Material provided: Begin
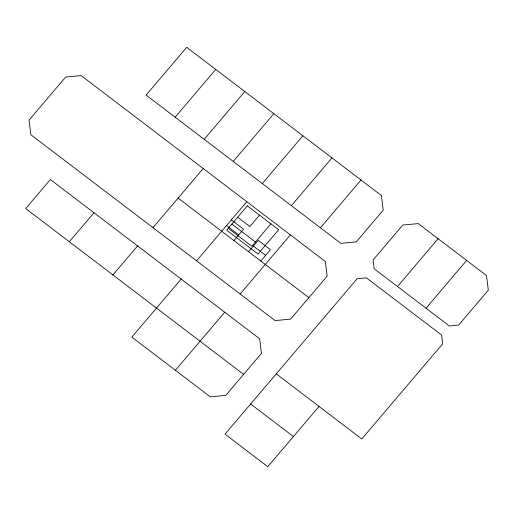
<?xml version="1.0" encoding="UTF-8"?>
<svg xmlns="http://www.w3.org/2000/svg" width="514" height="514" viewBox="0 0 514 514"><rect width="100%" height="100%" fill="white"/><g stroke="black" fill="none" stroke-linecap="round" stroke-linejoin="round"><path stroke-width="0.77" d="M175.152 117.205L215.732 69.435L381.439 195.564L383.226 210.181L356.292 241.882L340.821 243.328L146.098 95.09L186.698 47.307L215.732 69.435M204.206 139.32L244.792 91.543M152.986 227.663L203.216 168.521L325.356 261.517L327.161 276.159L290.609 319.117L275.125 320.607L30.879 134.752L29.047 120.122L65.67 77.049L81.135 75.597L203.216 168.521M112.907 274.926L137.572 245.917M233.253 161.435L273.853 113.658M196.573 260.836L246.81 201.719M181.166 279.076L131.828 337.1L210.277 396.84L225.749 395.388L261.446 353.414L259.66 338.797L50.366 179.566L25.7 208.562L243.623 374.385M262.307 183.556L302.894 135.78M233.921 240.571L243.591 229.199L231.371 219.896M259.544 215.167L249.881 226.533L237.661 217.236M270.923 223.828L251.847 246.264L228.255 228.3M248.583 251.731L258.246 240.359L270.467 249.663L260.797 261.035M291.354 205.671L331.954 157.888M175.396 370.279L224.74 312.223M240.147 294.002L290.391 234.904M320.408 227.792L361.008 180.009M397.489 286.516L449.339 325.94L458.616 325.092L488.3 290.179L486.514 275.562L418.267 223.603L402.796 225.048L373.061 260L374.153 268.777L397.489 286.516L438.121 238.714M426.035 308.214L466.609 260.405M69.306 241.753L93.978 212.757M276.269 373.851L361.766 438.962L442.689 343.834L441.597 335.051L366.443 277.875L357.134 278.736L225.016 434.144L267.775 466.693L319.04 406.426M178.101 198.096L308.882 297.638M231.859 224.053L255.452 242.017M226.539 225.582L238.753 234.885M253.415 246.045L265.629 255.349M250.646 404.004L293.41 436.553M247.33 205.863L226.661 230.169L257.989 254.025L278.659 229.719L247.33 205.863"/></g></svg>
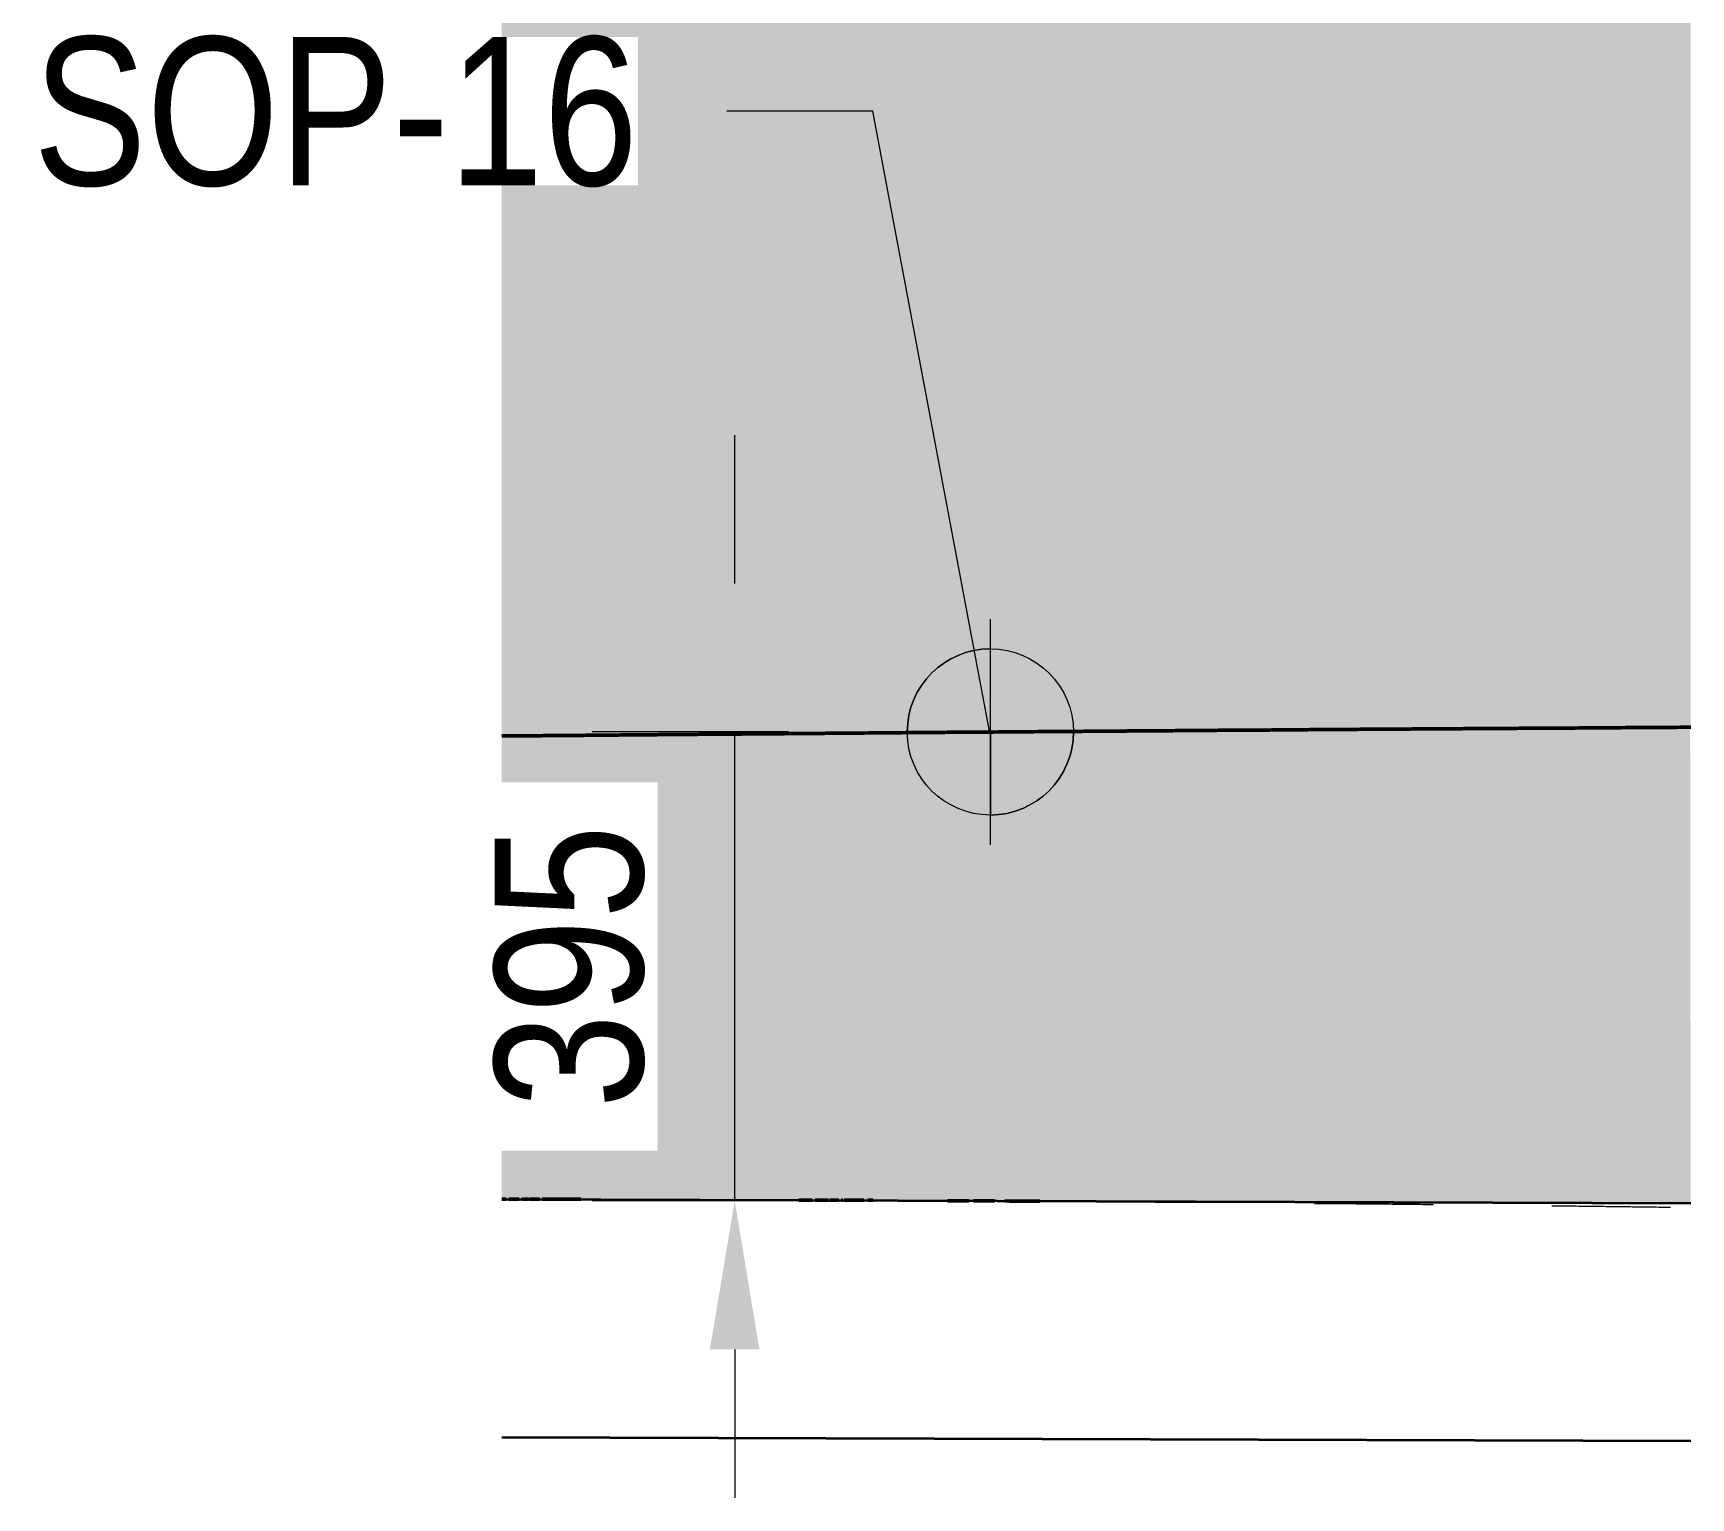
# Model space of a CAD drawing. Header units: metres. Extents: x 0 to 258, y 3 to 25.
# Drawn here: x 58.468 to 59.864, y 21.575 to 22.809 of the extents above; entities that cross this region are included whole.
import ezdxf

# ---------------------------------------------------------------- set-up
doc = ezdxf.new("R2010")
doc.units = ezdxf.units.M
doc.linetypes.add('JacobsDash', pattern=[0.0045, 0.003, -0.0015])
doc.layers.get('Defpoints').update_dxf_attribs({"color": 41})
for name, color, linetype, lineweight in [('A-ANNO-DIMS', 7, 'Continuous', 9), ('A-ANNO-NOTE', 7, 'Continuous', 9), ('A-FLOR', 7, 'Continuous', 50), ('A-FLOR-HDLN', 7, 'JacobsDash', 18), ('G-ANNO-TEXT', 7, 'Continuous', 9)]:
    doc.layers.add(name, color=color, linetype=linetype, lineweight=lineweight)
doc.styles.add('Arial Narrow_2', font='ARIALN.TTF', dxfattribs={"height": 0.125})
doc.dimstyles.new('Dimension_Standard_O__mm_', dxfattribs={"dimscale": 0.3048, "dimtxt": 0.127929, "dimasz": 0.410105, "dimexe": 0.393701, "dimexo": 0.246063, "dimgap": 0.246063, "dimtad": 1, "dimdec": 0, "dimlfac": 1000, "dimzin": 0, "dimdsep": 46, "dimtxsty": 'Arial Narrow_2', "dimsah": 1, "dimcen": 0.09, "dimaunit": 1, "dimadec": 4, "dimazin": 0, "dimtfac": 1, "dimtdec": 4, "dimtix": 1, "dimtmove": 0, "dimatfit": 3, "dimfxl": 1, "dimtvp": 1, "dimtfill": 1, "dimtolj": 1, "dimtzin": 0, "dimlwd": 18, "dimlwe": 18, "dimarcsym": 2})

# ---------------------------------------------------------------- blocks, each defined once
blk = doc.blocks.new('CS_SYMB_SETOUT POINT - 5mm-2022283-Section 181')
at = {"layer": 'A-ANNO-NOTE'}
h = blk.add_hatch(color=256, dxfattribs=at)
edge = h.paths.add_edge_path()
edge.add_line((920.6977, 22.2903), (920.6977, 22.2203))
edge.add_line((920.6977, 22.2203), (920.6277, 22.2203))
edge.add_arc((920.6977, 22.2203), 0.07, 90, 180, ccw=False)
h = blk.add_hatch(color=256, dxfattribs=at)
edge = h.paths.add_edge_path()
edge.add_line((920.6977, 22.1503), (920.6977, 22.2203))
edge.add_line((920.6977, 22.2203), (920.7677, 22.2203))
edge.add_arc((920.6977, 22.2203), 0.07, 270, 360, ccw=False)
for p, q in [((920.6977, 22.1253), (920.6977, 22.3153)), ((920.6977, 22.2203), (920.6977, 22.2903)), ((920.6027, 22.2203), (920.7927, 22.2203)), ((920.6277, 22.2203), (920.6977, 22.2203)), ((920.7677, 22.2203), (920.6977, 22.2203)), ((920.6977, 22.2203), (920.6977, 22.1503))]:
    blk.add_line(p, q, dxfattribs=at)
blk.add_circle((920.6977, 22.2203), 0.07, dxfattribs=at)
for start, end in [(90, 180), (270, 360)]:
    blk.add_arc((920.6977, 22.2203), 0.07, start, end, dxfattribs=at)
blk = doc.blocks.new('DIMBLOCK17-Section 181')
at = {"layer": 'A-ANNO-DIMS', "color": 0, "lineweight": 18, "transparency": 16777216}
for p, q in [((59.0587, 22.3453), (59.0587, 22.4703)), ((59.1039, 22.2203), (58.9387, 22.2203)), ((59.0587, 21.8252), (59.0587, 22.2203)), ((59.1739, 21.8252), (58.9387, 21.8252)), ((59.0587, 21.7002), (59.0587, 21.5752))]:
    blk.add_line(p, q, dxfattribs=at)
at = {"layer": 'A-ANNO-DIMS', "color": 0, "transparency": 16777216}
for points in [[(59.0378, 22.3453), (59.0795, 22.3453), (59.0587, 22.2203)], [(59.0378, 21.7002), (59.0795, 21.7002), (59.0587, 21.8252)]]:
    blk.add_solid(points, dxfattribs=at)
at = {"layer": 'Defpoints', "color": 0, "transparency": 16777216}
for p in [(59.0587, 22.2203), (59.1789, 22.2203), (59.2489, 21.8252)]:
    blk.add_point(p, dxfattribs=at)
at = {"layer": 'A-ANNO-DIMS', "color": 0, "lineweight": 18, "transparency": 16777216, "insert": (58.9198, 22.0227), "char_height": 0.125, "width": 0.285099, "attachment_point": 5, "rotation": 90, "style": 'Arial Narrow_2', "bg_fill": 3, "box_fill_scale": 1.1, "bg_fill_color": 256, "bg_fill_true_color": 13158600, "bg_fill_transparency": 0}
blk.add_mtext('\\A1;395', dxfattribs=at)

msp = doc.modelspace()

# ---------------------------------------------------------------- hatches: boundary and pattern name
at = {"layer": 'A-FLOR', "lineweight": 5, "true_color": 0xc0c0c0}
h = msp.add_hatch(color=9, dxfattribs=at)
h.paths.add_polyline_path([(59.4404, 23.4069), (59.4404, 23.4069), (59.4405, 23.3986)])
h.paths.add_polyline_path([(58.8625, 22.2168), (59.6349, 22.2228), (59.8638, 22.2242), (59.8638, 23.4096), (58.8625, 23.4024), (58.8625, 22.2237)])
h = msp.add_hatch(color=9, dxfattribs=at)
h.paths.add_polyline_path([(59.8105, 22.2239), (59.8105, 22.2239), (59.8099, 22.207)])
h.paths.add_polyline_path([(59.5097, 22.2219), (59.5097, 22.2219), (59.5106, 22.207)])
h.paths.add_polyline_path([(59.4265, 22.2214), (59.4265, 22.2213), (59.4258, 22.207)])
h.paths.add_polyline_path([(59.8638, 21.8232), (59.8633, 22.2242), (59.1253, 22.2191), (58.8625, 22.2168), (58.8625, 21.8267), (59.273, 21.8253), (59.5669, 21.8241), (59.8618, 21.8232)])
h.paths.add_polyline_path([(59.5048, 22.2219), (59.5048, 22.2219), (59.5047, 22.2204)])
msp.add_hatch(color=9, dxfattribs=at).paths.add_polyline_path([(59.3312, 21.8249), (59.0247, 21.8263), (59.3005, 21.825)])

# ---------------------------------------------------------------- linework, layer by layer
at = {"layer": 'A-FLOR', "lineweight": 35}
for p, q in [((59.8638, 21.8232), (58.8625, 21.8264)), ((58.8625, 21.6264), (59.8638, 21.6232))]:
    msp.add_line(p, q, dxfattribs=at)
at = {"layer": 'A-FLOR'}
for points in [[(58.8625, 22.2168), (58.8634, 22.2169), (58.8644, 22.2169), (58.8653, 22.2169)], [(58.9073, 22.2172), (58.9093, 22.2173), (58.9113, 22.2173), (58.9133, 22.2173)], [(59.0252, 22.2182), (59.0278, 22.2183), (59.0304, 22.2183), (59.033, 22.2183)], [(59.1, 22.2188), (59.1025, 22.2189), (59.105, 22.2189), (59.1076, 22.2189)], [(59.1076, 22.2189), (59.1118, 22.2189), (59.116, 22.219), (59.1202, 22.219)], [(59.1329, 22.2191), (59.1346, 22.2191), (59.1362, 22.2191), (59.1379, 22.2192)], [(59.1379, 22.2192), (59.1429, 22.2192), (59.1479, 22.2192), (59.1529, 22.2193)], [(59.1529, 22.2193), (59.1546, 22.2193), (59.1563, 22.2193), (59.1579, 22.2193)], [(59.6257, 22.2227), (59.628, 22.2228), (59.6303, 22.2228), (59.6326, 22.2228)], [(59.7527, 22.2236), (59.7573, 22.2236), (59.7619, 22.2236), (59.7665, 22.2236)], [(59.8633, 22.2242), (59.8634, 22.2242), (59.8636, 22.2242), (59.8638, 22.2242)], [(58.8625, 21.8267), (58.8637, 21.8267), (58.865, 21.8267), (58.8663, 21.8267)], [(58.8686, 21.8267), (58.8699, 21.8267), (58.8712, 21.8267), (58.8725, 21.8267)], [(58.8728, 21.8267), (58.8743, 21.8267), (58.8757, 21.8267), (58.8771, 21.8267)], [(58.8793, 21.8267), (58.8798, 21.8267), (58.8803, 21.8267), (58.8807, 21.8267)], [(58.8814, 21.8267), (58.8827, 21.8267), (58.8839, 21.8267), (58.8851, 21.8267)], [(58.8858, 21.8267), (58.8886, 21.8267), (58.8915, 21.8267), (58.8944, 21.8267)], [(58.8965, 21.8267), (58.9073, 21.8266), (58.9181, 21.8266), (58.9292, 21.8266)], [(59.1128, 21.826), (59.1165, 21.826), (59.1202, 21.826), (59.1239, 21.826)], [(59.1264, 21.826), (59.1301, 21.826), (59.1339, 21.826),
Material provided: End
▸ Task prompt
Establish how many lines of the data above contain "Section". State that number and no more.

▸ Written answer
2